-- Opening Marker --

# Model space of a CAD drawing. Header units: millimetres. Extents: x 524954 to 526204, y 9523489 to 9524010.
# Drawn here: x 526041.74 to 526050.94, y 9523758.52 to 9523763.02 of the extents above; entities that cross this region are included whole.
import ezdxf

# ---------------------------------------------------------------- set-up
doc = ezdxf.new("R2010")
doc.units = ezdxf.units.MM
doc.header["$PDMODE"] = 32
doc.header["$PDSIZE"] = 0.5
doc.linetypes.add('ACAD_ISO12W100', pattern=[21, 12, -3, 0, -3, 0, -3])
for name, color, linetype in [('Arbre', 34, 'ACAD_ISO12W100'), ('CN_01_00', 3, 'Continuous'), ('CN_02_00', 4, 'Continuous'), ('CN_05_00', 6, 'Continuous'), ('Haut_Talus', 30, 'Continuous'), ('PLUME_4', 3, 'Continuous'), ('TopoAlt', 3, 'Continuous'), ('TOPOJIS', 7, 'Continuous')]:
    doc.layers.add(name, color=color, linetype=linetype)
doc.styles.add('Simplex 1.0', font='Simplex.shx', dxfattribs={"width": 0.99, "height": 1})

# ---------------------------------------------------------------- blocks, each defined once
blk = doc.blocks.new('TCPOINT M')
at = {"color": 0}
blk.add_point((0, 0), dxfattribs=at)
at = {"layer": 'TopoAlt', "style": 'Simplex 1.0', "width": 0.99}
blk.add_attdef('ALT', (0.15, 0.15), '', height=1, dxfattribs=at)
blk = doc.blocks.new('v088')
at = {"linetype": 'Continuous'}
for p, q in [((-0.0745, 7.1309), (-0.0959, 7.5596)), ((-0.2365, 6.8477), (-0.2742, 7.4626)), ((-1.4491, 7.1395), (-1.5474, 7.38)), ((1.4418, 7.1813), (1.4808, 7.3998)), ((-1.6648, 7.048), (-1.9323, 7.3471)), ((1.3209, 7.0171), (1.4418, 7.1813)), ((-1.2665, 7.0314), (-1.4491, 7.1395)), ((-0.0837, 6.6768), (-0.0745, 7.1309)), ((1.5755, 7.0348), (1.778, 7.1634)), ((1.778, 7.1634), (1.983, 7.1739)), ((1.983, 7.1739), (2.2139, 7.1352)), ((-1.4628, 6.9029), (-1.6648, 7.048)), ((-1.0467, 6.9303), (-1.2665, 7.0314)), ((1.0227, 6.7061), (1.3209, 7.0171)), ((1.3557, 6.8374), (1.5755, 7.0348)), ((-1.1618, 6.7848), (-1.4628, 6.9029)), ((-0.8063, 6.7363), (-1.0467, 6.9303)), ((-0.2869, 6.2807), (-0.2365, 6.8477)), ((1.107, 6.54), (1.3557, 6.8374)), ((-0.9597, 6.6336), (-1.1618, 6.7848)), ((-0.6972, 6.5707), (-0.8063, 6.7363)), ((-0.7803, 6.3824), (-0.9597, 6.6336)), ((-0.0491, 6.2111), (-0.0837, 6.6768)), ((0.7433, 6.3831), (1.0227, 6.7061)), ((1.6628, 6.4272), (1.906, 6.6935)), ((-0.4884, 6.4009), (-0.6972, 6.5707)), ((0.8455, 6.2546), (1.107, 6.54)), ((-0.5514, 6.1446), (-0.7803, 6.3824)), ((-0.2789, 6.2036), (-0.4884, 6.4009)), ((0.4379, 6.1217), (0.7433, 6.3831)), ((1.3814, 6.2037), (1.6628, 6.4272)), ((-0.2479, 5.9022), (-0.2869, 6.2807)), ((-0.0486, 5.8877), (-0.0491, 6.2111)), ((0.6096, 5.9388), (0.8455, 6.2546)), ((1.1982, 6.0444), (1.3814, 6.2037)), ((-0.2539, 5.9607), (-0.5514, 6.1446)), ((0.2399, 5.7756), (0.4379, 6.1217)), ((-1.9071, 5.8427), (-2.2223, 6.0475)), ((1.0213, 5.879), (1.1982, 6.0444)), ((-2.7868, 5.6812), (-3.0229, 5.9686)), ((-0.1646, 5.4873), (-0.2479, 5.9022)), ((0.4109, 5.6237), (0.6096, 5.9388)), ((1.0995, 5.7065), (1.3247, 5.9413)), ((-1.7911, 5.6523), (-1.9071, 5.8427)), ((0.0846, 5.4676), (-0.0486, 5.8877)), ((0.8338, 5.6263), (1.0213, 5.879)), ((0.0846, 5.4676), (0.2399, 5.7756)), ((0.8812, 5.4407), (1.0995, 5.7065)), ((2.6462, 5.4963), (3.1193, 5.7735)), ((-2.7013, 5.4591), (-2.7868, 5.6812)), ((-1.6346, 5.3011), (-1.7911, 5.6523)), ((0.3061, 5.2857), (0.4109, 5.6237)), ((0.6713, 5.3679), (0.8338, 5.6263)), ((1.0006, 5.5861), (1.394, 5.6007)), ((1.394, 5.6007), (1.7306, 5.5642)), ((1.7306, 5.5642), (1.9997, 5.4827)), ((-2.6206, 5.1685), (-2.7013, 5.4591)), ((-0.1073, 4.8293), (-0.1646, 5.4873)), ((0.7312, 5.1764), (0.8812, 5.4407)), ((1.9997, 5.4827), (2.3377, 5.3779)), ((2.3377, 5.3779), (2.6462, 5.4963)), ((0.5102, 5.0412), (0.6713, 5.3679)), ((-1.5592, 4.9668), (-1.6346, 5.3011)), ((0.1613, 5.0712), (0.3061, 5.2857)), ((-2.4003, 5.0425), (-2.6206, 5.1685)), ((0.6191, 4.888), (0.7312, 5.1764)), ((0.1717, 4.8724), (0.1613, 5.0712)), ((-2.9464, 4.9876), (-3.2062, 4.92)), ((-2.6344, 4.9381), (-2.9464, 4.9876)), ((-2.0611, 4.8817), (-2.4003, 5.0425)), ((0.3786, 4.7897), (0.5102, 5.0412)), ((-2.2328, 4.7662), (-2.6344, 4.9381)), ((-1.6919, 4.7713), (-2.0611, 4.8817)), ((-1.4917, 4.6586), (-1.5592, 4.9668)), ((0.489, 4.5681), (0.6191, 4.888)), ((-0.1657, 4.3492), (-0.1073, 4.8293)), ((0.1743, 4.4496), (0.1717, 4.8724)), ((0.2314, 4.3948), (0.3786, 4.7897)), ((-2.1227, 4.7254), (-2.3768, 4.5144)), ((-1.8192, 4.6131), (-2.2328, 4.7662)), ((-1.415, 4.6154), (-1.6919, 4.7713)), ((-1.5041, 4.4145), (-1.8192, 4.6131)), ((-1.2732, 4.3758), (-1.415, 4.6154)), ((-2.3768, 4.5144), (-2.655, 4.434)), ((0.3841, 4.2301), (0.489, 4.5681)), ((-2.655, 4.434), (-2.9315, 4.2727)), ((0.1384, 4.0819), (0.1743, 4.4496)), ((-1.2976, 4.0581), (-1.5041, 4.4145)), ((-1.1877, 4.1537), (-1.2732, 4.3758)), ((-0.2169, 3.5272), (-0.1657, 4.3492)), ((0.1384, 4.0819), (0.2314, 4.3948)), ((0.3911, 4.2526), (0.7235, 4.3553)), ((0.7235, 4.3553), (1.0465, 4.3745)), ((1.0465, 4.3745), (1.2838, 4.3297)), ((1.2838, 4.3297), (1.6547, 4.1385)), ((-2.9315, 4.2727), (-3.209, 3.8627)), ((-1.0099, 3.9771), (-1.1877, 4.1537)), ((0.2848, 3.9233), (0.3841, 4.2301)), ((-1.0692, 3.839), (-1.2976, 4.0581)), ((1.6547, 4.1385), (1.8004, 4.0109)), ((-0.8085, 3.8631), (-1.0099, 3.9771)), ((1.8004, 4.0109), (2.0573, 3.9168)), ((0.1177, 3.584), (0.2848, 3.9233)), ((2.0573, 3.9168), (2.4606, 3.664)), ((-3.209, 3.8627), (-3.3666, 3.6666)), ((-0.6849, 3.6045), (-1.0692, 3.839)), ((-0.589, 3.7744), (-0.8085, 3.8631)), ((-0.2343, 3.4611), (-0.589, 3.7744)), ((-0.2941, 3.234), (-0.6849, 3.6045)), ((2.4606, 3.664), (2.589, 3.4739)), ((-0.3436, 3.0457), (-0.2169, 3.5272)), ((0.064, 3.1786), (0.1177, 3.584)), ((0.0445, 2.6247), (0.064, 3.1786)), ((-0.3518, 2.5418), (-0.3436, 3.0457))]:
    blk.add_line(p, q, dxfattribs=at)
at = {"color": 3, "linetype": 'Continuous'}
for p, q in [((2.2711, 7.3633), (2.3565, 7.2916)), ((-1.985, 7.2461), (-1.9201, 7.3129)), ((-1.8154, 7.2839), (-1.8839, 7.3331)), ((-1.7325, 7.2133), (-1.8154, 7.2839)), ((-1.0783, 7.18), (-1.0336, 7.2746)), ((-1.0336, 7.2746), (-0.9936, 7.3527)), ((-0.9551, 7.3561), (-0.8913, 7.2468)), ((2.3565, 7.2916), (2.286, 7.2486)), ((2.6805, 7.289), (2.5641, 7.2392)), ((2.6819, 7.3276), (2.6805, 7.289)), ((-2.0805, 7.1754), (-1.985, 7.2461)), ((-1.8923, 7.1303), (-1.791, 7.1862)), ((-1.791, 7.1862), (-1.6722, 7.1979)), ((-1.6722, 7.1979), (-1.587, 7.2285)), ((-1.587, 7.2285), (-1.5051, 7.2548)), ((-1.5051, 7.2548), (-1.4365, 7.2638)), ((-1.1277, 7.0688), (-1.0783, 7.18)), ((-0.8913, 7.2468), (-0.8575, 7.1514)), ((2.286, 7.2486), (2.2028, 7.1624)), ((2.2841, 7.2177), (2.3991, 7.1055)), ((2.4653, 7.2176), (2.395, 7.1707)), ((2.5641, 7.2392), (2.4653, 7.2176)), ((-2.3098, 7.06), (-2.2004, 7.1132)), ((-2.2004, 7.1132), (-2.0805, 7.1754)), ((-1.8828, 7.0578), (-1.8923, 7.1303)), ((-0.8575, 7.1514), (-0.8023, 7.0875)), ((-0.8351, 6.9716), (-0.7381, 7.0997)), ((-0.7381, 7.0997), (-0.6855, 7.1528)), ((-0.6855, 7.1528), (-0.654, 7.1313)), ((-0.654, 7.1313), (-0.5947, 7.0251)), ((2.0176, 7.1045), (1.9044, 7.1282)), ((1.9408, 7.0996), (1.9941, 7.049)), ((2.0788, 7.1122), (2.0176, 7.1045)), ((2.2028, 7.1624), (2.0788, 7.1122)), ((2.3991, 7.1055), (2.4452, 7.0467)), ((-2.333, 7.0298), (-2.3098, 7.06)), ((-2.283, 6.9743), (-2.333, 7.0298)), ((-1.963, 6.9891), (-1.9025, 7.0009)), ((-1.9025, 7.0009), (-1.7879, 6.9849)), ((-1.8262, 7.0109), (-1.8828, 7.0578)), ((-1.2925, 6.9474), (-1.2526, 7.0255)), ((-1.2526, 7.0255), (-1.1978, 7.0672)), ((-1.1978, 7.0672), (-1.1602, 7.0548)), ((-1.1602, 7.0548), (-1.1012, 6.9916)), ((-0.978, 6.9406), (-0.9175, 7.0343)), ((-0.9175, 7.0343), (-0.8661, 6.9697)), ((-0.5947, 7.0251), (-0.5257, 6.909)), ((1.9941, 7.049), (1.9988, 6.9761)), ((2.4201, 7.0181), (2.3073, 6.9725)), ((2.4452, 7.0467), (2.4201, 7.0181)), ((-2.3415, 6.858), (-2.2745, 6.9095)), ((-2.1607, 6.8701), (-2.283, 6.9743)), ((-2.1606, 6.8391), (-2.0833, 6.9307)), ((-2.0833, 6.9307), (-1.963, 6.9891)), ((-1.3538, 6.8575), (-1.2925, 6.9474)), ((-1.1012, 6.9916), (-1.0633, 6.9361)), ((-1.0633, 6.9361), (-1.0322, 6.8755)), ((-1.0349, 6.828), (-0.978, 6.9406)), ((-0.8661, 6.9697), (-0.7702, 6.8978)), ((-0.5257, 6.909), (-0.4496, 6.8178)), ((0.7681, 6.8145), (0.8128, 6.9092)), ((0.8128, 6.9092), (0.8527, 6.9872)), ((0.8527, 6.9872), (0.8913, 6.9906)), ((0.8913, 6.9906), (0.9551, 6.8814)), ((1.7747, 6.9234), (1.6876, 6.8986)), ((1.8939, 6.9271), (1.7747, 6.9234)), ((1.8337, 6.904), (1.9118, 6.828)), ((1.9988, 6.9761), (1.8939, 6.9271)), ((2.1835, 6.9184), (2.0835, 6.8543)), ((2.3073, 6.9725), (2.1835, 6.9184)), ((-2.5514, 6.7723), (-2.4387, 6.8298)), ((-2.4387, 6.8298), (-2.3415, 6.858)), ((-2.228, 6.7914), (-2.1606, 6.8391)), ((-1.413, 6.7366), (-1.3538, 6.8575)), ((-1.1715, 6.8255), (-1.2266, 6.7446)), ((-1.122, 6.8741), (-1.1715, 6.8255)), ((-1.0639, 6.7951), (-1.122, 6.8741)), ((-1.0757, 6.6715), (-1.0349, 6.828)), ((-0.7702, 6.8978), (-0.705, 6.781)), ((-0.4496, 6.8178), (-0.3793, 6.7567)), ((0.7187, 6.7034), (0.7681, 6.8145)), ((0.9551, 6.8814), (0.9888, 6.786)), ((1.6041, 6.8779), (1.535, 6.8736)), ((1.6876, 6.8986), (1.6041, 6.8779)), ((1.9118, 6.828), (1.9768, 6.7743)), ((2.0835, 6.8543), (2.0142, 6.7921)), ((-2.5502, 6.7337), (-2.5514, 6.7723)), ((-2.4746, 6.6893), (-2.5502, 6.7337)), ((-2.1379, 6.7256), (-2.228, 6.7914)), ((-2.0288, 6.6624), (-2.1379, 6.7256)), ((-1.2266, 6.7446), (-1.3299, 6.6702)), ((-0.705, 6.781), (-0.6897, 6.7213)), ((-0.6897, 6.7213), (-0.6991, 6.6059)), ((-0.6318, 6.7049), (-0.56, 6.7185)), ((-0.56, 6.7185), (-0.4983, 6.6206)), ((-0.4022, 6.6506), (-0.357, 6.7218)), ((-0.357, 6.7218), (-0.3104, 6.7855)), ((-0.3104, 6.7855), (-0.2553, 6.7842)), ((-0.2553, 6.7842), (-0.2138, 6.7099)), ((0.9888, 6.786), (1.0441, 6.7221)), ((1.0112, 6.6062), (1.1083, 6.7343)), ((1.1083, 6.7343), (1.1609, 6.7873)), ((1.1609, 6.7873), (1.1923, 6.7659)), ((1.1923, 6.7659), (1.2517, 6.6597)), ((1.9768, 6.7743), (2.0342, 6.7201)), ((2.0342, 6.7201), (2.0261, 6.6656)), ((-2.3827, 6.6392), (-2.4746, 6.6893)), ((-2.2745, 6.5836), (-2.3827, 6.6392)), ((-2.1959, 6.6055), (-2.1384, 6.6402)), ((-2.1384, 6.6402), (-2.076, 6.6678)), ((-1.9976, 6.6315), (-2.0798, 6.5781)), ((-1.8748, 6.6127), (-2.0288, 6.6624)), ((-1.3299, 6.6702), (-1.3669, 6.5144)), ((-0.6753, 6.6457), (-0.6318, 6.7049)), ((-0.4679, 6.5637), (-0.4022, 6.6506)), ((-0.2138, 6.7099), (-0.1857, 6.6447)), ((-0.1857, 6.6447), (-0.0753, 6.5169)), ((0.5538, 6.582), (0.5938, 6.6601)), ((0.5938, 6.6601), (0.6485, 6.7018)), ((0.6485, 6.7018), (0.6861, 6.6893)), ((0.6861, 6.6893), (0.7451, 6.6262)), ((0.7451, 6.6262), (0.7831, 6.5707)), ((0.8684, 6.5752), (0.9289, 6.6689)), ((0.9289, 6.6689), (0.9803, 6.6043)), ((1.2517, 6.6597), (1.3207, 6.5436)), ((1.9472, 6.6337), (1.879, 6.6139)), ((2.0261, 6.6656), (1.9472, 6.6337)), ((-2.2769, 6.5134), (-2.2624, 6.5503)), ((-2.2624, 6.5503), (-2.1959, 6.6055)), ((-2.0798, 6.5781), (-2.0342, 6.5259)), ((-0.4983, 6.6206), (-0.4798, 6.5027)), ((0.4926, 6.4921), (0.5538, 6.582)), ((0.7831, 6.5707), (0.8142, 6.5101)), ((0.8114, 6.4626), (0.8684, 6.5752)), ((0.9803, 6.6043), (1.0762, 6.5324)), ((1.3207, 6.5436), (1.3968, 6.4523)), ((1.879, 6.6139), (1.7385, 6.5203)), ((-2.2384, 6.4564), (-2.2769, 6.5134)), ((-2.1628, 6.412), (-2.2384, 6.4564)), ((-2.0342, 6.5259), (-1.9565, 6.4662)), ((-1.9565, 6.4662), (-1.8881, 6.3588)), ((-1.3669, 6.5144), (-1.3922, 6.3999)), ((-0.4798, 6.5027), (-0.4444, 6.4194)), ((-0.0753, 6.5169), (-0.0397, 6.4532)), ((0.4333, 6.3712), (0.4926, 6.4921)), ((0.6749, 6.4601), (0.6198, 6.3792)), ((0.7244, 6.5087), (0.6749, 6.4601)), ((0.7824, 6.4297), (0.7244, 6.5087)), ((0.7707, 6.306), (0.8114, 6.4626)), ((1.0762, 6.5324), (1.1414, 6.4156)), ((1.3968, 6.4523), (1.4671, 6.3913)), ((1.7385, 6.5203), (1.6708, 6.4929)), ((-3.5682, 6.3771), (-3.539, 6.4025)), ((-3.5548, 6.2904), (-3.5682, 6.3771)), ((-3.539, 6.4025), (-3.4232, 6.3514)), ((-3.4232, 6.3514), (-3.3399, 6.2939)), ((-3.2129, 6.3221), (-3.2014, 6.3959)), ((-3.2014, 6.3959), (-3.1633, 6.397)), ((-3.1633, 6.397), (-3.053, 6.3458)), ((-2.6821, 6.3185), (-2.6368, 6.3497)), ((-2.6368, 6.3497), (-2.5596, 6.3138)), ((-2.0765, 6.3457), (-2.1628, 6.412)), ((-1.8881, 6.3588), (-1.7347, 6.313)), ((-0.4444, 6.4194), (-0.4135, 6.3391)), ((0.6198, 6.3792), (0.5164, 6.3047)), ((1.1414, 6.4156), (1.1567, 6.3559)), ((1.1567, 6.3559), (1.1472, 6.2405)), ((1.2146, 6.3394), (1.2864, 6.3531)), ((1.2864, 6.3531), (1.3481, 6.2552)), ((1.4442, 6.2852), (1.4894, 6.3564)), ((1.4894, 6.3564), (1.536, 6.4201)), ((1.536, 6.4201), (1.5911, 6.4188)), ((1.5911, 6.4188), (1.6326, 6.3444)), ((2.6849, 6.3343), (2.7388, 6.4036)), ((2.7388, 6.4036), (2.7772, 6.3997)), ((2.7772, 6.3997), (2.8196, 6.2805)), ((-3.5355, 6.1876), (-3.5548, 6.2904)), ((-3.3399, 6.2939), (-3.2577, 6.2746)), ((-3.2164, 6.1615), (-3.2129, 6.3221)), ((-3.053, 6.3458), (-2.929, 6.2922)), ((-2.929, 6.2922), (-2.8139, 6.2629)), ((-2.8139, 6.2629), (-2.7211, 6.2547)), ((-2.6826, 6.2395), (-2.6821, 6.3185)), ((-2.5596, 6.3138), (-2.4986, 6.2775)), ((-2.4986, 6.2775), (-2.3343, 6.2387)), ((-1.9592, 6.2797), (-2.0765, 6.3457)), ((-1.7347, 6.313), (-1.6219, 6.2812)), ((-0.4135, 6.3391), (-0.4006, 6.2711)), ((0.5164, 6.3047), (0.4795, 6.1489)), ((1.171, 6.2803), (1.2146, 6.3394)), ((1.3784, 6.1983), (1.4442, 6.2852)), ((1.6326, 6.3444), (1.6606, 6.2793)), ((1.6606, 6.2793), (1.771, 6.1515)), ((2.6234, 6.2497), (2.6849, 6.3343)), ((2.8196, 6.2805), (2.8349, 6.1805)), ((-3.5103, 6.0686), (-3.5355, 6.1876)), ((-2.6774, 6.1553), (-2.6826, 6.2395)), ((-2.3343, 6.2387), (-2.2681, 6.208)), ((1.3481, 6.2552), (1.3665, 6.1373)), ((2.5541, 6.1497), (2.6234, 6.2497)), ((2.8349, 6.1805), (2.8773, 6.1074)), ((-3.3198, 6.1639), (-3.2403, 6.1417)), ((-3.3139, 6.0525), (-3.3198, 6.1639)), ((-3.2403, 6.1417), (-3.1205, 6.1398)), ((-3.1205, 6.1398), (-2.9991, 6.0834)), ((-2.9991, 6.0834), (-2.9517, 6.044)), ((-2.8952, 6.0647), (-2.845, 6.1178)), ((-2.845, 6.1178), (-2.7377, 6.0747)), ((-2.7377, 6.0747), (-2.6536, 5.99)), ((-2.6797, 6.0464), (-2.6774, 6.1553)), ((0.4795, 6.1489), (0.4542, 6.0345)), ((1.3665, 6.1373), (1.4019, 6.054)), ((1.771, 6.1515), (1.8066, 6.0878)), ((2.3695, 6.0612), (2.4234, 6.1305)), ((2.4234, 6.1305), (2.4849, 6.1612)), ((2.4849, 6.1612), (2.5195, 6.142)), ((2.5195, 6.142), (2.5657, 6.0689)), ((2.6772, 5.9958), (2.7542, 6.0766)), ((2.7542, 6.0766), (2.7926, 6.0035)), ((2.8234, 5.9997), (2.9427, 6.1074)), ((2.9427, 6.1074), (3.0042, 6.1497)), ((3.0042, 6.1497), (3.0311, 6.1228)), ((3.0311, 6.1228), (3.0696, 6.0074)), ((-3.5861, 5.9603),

-- Closing Marker --

| TASK DIRECTIONS |
Using the material above, report each line where "TopoAlt" occurs.

| REPLY TO THE EXERCISE |
for name, color, linetype in [('Arbre', 34, 'ACAD_ISO12W100'), ('CN_01_00', 3, 'Continuous'), ('CN_02_00', 4, 'Continuous'), ('CN_05_00', 6, 'Continuous'), ('Haut_Talus', 30, 'Continuous'), ('PLUME_4', 3, 'Continuous'), ('TopoAlt', 3, 'Continuous'), ('TOPOJIS', 7, 'Continuous')]:
at = {"layer": 'TopoAlt', "style": 'Simplex 1.0', "width": 0.99}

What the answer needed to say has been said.